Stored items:
^^^^^^^^^^^^^^^^

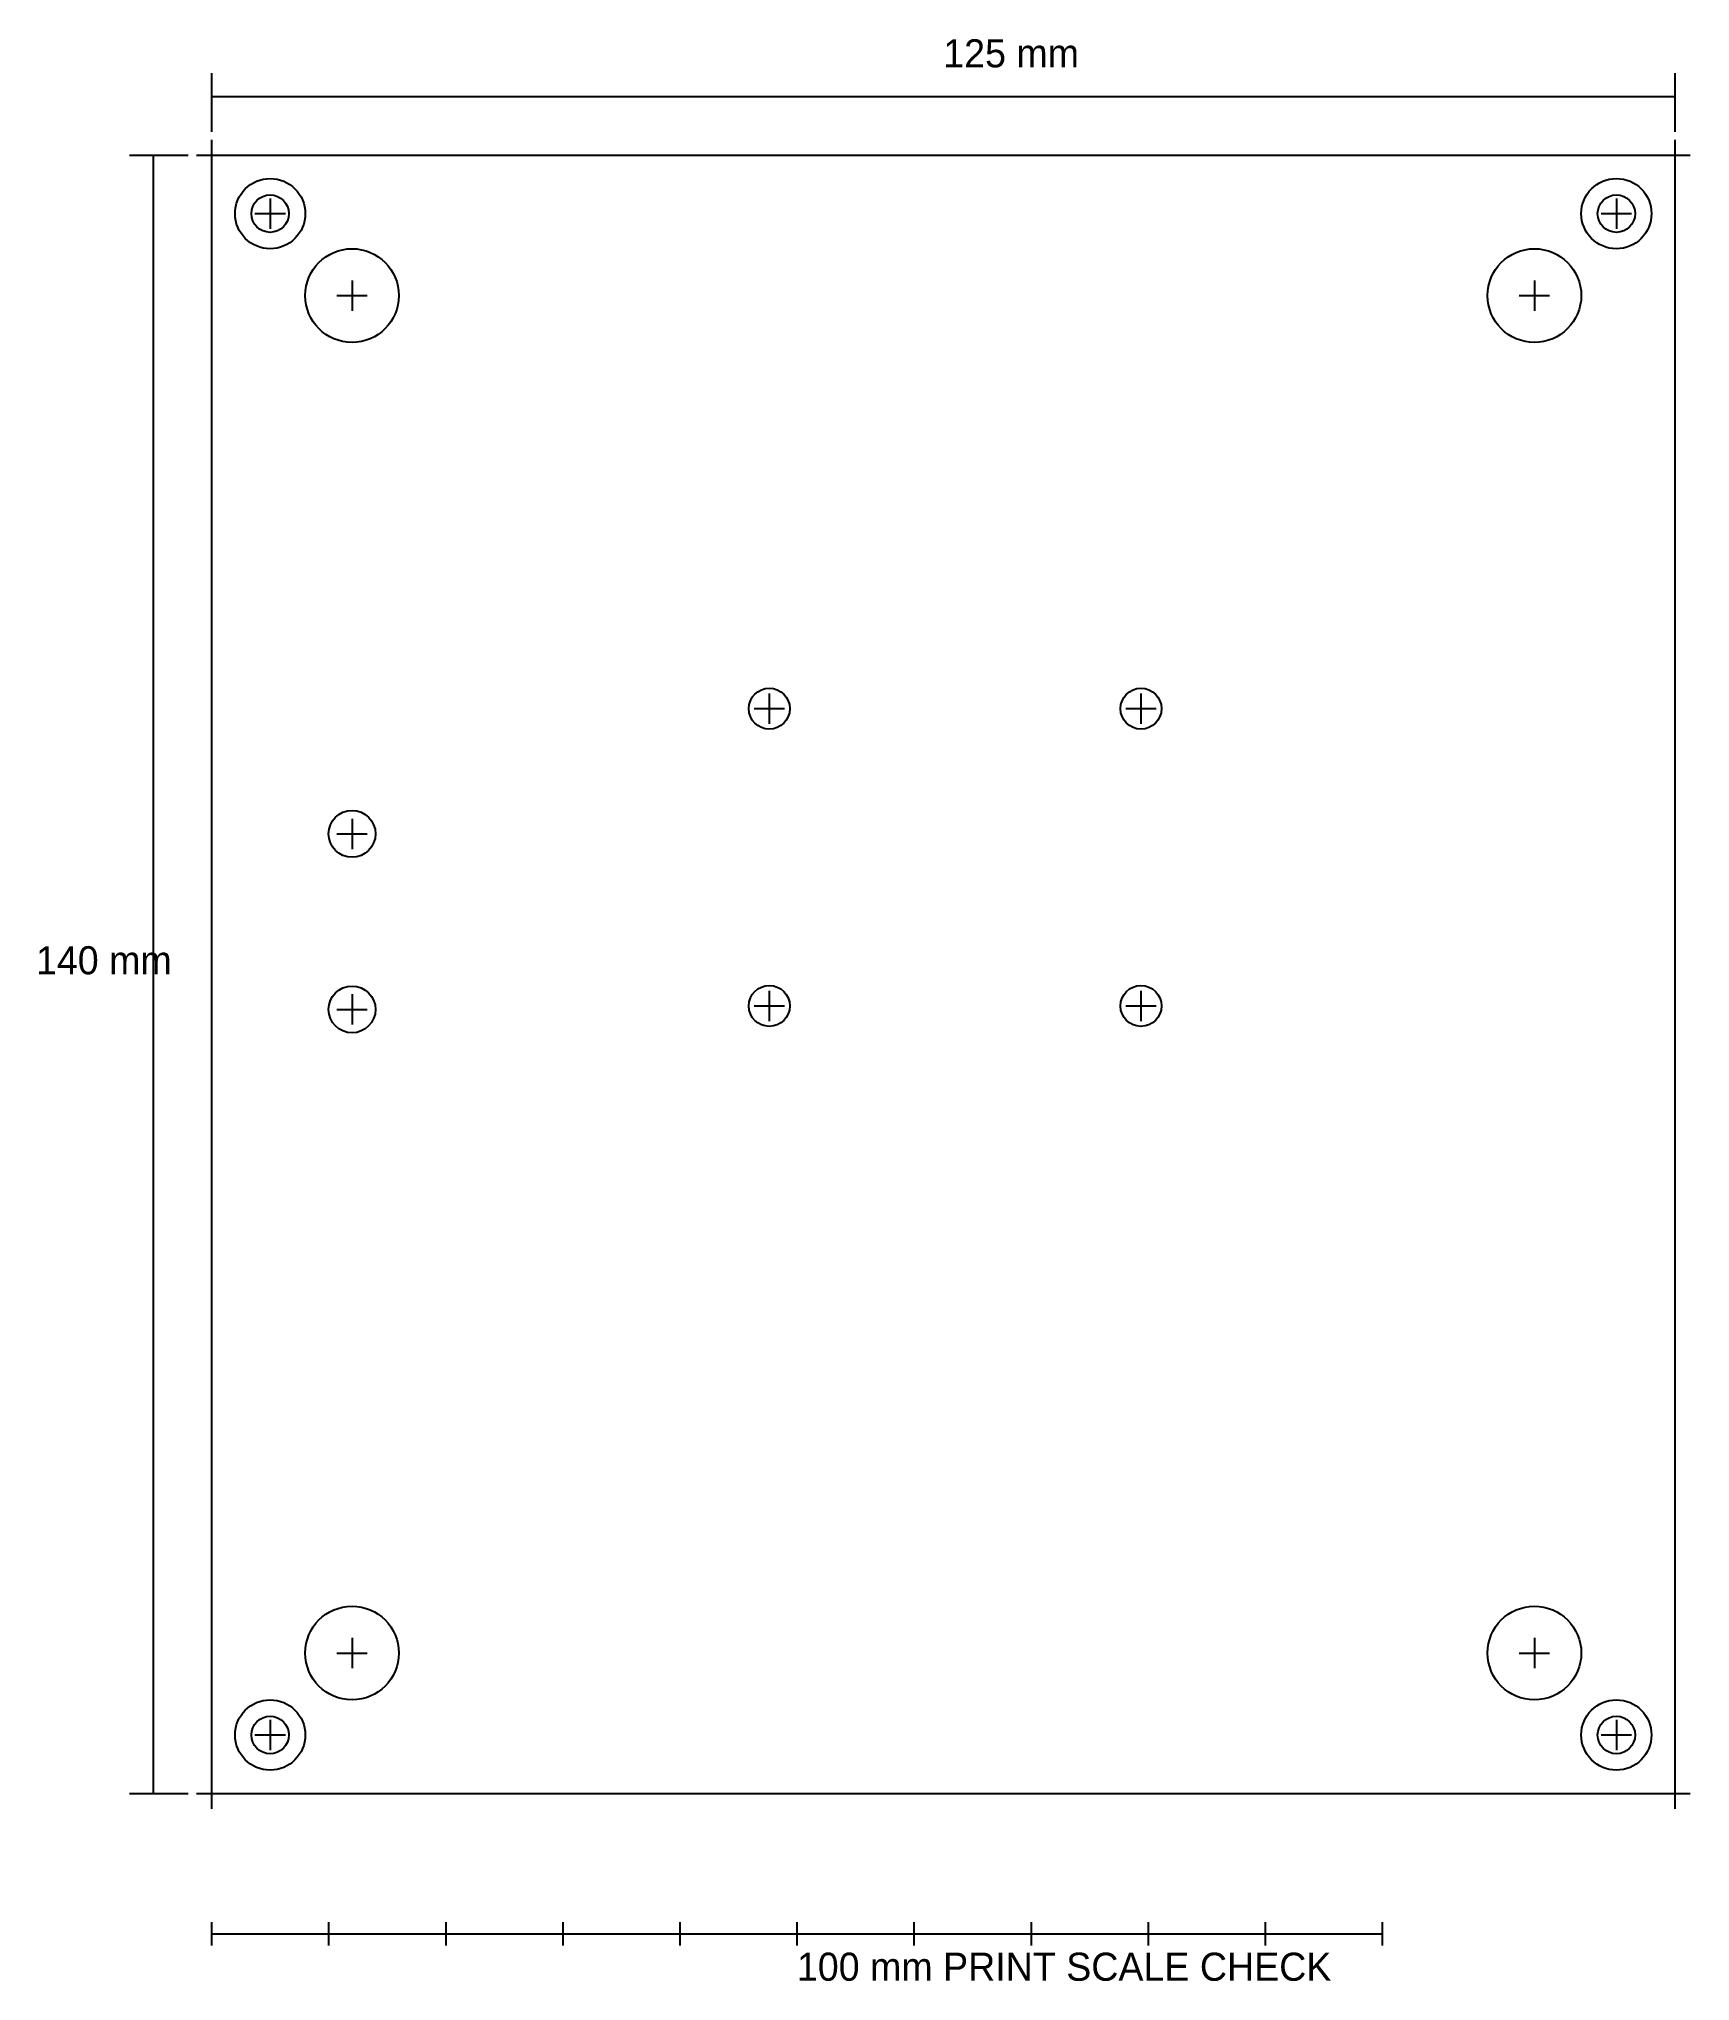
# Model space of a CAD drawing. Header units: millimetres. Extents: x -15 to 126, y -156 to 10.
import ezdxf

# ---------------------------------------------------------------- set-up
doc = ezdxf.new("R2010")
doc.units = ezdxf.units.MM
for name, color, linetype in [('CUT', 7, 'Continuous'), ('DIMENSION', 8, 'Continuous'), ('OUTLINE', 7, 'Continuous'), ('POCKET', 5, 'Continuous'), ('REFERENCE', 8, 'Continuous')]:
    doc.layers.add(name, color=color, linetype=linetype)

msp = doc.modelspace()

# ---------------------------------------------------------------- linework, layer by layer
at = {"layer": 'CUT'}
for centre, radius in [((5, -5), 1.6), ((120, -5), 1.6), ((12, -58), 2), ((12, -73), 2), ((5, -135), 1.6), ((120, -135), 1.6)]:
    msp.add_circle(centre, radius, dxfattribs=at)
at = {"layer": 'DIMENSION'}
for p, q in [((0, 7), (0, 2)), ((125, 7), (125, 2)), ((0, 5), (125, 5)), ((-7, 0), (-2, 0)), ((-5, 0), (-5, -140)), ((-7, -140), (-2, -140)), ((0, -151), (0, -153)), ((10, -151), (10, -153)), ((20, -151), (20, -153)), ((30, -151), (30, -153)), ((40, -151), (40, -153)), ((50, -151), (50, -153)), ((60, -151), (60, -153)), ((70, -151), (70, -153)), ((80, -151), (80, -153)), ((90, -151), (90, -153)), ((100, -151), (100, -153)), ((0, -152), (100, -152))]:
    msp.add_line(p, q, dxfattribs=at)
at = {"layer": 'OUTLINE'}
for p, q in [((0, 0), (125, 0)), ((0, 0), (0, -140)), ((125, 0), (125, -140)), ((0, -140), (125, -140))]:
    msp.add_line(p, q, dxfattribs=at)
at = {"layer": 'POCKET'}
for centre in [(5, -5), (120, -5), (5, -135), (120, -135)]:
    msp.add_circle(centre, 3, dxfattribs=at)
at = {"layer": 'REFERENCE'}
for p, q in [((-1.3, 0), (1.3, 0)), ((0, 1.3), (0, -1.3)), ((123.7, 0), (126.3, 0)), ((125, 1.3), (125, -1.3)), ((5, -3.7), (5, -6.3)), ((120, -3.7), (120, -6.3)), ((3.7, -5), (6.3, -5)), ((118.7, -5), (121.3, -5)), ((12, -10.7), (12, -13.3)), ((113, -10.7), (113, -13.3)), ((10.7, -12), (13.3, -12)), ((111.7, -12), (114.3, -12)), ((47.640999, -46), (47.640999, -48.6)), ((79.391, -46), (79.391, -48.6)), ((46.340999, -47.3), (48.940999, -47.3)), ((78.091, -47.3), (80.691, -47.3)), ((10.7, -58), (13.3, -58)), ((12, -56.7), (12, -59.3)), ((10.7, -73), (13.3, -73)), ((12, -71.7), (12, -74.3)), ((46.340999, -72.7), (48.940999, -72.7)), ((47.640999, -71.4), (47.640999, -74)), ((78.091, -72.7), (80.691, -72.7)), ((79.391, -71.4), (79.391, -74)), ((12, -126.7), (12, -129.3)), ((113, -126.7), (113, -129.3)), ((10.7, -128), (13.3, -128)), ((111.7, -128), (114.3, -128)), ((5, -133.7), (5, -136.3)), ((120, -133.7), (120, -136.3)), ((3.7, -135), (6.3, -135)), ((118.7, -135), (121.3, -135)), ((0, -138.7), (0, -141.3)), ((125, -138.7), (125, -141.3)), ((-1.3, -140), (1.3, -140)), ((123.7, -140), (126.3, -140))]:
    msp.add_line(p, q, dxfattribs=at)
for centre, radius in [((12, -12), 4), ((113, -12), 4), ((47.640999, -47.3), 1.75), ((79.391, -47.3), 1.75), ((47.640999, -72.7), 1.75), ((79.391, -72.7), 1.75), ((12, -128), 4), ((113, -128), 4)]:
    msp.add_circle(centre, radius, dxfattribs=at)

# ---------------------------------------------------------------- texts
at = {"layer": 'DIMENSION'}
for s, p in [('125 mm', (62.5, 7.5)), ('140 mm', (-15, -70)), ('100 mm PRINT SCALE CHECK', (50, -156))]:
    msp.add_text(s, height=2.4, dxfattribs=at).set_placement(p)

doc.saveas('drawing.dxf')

^^^^^^^^^^^^^^^^

● **Instructions for the task**:
Retype the data above exactly, dropping every picture.

● **Result for this exercise**:
# Model space of a CAD drawing. Header units: millimetres. Extents: x -15 to 126, y -156 to 10.
import ezdxf

# ---------------------------------------------------------------- set-up
doc = ezdxf.new("R2010")
doc.units = ezdxf.units.MM
for name, color, linetype in [('CUT', 7, 'Continuous'), ('DIMENSION', 8, 'Continuous'), ('OUTLINE', 7, 'Continuous'), ('POCKET', 5, 'Continuous'), ('REFERENCE', 8, 'Continuous')]:
    doc.layers.add(name, color=color, linetype=linetype)

msp = doc.modelspace()

# ---------------------------------------------------------------- linework, layer by layer
at = {"layer": 'CUT'}
for centre, radius in [((5, -5), 1.6), ((120, -5), 1.6), ((12, -58), 2), ((12, -73), 2), ((5, -135), 1.6), ((120, -135), 1.6)]:
    msp.add_circle(centre, radius, dxfattribs=at)
at = {"layer": 'DIMENSION'}
for p, q in [((0, 7), (0, 2)), ((125, 7), (125, 2)), ((0, 5), (125, 5)), ((-7, 0), (-2, 0)), ((-5, 0), (-5, -140)), ((-7, -140), (-2, -140)), ((0, -151), (0, -153)), ((10, -151), (10, -153)), ((20, -151), (20, -153)), ((30, -151), (30, -153)), ((40, -151), (40, -153)), ((50, -151), (50, -153)), ((60, -151), (60, -153)), ((70, -151), (70, -153)), ((80, -151), (80, -153)), ((90, -151), (90, -153)), ((100, -151), (100, -153)), ((0, -152), (100, -152))]:
    msp.add_line(p, q, dxfattribs=at)
at = {"layer": 'OUTLINE'}
for p, q in [((0, 0), (125, 0)), ((0, 0), (0, -140)), ((125, 0), (125, -140)), ((0, -140), (125, -140))]:
    msp.add_line(p, q, dxfattribs=at)
at = {"layer": 'POCKET'}
for centre in [(5, -5), (120, -5), (5, -135), (120, -135)]:
    msp.add_circle(centre, 3, dxfattribs=at)
at = {"layer": 'REFERENCE'}
for p, q in [((-1.3, 0), (1.3, 0)), ((0, 1.3), (0, -1.3)), ((123.7, 0), (126.3, 0)), ((125, 1.3), (125, -1.3)), ((5, -3.7), (5, -6.3)), ((120, -3.7), (120, -6.3)), ((3.7, -5), (6.3, -5)), ((118.7, -5), (121.3, -5)), ((12, -10.7), (12, -13.3)), ((113, -10.7), (113, -13.3)), ((10.7, -12), (13.3, -12)), ((111.7, -12), (114.3, -12)), ((47.640999, -46), (47.640999, -48.6)), ((79.391, -46), (79.391, -48.6)), ((46.340999, -47.3), (48.940999, -47.3)), ((78.091, -47.3), (80.691, -47.3)), ((10.7, -58), (13.3, -58)), ((12, -56.7), (12, -59.3)), ((10.7, -73), (13.3, -73)), ((12, -71.7), (12, -74.3)), ((46.340999, -72.7), (48.940999, -72.7)), ((47.640999, -71.4), (47.640999, -74)), ((78.091, -72.7), (80.691, -72.7)), ((79.391, -71.4), (79.391, -74)), ((12, -126.7), (12, -129.3)), ((113, -126.7), (113, -129.3)), ((10.7, -128), (13.3, -128)), ((111.7, -128), (114.3, -128)), ((5, -133.7), (5, -136.3)), ((120, -133.7), (120, -136.3)), ((3.7, -135), (6.3, -135)), ((118.7, -135), (121.3, -135)), ((0, -138.7), (0, -141.3)), ((125, -138.7), (125, -141.3)), ((-1.3, -140), (1.3, -140)), ((123.7, -140), (126.3, -140))]:
    msp.add_line(p, q, dxfattribs=at)
for centre, radius in [((12, -12), 4), ((113, -12), 4), ((47.640999, -47.3), 1.75), ((79.391, -47.3), 1.75), ((47.640999, -72.7), 1.75), ((79.391, -72.7), 1.75), ((12, -128), 4), ((113, -128), 4)]:
    msp.add_circle(centre, radius, dxfattribs=at)

# ---------------------------------------------------------------- texts
at = {"layer": 'DIMENSION'}
for s, p in [('125 mm', (62.5, 7.5)), ('140 mm', (-15, -70)), ('100 mm PRINT SCALE CHECK', (50, -156))]:
    msp.add_text(s, height=2.4, dxfattribs=at).set_placement(p)

doc.saveas('drawing.dxf')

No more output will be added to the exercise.